> [Exercise description]:
Every line from the one with "Clock : Clock" to the one with "Food : Subsystem", including those two, is to be copied exactly; all other lines of the entries below are left out.
** Opening Task data block **
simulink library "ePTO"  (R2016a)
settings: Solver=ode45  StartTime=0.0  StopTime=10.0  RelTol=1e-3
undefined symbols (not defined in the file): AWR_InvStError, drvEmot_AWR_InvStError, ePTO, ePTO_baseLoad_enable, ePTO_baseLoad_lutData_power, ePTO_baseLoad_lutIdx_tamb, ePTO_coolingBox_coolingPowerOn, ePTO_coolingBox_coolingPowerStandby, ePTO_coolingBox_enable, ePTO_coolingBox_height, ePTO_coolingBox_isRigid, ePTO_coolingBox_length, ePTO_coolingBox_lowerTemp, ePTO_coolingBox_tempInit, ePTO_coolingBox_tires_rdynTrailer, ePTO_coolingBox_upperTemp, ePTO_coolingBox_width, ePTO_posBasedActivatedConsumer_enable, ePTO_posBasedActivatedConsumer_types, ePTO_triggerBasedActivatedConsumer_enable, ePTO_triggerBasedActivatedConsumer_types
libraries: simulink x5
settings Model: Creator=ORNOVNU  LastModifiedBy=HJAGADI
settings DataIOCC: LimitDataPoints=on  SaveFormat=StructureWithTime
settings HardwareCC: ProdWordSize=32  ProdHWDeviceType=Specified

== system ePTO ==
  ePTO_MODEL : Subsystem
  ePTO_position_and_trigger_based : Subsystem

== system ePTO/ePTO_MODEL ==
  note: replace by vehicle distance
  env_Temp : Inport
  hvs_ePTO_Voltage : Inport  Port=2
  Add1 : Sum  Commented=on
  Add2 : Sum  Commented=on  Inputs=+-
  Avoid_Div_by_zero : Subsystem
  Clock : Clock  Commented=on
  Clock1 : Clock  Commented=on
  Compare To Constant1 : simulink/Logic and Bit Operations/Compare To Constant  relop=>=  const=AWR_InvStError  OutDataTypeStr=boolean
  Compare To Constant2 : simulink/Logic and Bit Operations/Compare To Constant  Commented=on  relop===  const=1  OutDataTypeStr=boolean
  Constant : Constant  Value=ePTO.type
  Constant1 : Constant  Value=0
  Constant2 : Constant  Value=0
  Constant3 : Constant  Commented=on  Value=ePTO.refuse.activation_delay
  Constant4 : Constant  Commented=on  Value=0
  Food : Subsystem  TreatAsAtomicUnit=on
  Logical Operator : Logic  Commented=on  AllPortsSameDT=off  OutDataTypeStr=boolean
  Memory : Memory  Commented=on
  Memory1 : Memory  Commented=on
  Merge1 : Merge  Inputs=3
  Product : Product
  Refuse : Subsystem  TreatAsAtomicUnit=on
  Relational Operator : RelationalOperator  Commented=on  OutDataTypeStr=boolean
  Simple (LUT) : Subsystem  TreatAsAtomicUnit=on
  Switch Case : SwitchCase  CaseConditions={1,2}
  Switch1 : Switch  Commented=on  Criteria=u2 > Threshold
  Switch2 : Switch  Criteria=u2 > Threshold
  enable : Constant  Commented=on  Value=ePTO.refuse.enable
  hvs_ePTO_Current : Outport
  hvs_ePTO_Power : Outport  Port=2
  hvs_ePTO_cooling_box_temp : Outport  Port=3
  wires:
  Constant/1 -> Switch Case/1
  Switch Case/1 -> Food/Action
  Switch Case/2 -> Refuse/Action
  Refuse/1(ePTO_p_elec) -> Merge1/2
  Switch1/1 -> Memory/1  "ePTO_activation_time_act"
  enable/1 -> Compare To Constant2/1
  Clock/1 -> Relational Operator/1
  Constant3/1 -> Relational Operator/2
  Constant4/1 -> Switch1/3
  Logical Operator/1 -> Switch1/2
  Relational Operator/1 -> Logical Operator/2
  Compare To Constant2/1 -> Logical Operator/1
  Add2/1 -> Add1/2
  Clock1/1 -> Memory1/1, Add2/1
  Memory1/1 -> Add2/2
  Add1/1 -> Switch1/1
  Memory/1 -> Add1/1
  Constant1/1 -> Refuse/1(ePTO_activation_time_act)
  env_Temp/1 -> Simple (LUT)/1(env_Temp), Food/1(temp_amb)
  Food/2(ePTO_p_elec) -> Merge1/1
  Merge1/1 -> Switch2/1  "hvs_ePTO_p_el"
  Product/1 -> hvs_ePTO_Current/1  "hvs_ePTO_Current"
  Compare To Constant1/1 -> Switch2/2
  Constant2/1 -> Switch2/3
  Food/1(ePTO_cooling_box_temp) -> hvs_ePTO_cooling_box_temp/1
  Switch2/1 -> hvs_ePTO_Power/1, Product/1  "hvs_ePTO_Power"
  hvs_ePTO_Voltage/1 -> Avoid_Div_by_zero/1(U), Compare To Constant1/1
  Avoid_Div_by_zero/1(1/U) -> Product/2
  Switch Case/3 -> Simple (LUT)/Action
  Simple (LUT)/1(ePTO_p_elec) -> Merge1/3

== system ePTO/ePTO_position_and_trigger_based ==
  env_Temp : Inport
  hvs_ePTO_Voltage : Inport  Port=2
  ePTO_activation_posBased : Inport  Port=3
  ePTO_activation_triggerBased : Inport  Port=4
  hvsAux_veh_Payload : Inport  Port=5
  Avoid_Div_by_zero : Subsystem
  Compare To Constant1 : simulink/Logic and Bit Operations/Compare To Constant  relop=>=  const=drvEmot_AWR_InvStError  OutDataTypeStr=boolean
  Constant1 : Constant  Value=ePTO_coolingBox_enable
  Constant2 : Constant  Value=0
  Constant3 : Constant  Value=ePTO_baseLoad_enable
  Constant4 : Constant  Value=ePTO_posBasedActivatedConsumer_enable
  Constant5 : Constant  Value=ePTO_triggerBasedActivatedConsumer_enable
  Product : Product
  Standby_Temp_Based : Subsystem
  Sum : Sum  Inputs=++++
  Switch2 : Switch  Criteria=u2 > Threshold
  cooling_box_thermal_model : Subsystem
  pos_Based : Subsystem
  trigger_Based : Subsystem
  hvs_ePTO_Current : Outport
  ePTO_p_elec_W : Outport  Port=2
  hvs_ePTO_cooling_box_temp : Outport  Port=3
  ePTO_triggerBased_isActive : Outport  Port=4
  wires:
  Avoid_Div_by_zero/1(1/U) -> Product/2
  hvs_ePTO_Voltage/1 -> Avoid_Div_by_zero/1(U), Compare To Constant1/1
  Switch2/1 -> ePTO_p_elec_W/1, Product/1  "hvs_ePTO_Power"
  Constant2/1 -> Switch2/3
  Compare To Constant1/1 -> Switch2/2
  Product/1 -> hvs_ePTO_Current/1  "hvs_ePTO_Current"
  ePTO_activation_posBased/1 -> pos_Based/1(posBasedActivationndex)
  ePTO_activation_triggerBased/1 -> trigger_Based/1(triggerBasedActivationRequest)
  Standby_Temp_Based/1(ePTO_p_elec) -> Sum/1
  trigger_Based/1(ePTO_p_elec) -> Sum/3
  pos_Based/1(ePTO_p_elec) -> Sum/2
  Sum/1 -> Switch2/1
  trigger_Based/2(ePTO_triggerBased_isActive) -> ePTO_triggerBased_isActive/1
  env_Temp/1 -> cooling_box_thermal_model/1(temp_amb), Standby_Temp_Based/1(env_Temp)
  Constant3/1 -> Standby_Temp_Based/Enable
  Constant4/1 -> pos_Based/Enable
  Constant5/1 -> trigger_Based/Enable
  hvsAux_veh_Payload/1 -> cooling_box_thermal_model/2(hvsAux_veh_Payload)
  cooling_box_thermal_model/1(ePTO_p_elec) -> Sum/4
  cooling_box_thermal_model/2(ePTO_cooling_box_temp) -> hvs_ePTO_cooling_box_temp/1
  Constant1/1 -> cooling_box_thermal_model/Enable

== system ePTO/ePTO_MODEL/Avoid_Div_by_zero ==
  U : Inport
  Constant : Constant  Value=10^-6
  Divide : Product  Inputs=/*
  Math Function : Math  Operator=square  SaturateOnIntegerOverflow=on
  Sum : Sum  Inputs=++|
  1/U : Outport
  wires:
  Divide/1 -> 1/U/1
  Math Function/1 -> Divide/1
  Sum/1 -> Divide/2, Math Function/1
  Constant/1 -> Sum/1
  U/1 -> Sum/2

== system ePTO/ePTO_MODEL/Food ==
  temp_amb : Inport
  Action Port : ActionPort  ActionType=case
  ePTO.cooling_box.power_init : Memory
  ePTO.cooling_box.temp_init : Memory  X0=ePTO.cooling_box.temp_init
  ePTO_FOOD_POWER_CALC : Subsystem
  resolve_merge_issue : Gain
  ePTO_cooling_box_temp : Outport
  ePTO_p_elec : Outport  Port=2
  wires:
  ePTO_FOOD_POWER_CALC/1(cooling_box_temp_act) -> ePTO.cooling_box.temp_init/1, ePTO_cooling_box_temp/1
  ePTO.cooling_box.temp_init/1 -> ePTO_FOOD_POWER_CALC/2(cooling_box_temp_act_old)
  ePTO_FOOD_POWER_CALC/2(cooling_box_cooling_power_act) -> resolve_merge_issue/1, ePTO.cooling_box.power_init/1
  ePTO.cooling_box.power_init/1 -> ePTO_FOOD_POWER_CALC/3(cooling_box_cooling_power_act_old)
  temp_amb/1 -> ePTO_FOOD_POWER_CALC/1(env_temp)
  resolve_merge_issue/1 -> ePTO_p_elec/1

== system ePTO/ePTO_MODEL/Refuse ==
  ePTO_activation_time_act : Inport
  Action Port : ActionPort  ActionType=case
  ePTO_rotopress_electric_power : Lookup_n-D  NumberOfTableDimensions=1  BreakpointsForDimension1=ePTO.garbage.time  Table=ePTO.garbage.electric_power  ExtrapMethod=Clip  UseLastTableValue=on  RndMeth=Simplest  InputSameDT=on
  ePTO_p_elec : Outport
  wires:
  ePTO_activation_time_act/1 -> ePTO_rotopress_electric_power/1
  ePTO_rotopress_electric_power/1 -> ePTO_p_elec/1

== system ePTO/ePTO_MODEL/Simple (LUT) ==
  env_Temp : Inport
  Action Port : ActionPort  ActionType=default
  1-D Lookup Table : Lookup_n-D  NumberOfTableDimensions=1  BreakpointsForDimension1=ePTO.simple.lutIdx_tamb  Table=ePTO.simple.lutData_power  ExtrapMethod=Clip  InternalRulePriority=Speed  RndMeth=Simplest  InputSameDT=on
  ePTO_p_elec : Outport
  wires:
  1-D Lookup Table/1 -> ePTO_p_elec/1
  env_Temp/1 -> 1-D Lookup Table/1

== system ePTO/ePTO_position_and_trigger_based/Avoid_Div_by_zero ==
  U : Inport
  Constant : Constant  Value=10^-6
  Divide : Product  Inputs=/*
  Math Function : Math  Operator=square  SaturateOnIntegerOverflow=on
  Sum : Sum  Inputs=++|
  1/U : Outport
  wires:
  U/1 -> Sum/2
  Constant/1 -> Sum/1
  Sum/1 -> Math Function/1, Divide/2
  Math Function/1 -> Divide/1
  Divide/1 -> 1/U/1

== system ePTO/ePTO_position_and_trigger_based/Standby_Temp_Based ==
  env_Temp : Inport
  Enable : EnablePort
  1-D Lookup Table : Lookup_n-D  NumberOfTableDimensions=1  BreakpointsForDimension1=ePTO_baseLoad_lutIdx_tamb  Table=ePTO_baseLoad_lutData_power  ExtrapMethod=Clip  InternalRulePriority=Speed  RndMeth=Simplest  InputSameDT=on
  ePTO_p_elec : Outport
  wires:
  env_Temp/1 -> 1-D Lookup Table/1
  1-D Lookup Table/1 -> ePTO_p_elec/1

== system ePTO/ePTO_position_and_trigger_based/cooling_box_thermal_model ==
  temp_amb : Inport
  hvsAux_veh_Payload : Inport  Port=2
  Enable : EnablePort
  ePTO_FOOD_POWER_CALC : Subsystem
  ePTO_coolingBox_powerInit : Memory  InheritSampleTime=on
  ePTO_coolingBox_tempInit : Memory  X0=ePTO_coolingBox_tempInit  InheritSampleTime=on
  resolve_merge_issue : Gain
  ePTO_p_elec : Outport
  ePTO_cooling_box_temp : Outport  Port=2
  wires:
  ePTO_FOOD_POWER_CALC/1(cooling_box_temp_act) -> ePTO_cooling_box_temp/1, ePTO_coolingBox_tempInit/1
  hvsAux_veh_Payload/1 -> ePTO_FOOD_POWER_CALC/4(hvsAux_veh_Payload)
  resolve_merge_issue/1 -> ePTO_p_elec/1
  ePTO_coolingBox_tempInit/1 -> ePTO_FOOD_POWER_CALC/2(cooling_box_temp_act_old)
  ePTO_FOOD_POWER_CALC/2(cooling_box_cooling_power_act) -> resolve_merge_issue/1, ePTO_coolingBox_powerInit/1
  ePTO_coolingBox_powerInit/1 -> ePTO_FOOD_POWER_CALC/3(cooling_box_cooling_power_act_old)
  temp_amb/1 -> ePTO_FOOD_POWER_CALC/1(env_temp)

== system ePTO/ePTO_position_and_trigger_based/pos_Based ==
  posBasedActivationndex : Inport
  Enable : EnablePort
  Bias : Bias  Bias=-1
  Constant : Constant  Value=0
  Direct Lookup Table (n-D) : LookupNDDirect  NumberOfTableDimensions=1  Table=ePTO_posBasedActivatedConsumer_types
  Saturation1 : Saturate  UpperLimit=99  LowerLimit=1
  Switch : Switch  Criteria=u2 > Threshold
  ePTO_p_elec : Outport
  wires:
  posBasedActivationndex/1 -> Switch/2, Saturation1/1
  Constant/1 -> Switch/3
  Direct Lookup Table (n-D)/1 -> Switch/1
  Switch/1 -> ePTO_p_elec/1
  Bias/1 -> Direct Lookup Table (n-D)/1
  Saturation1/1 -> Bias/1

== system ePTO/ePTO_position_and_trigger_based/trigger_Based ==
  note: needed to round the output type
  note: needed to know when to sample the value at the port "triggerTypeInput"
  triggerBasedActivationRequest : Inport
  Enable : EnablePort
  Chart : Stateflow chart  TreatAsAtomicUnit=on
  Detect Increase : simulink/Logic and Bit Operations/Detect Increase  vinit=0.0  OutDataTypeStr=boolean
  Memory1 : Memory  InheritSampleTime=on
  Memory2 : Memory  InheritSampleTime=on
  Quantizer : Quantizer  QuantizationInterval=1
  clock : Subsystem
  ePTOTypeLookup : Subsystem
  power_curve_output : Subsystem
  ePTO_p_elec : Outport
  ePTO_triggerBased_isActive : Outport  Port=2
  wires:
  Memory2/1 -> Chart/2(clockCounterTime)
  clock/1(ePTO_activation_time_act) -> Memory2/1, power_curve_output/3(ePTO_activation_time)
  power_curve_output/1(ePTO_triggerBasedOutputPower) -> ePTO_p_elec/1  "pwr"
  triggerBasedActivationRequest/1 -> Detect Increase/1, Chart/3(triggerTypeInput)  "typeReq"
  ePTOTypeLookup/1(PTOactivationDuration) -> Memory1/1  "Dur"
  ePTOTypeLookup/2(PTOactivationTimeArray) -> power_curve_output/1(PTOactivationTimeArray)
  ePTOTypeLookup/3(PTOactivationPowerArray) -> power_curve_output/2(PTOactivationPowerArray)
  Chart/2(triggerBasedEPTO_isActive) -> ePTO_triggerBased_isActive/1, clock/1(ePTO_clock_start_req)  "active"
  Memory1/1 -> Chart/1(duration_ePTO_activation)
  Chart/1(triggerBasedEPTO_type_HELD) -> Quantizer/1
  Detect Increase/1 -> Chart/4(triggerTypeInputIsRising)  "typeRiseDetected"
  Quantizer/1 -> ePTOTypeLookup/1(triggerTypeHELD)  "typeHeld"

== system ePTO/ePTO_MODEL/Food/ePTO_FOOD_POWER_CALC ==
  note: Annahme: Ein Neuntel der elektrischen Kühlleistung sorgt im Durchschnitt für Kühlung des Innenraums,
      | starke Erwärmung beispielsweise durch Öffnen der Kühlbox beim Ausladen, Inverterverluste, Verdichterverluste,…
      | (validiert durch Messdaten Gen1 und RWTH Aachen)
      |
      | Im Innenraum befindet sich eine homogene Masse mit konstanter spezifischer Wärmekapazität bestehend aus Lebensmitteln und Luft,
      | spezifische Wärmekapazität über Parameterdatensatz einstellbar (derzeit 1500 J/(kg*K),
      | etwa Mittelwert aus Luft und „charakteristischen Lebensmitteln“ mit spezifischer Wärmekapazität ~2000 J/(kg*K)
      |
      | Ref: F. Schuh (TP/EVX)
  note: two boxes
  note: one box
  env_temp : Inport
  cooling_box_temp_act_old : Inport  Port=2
** Closing Task data block **
> [Result of the task]:
  Clock : Clock  Commented=on
  Clock1 : Clock  Commented=on
  Compare To Constant1 : simulink/Logic and Bit Operations/Compare To Constant  relop=>=  const=AWR_InvStError  OutDataTypeStr=boolean
  Compare To Constant2 : simulink/Logic and Bit Operations/Compare To Constant  Commented=on  relop===  const=1  OutDataTypeStr=boolean
  Constant : Constant  Value=ePTO.type
  Constant1 : Constant  Value=0
  Constant2 : Constant  Value=0
  Constant3 : Constant  Commented=on  Value=ePTO.refuse.activation_delay
  Constant4 : Constant  Commented=on  Value=0
  Food : Subsystem  TreatAsAtomicUnit=on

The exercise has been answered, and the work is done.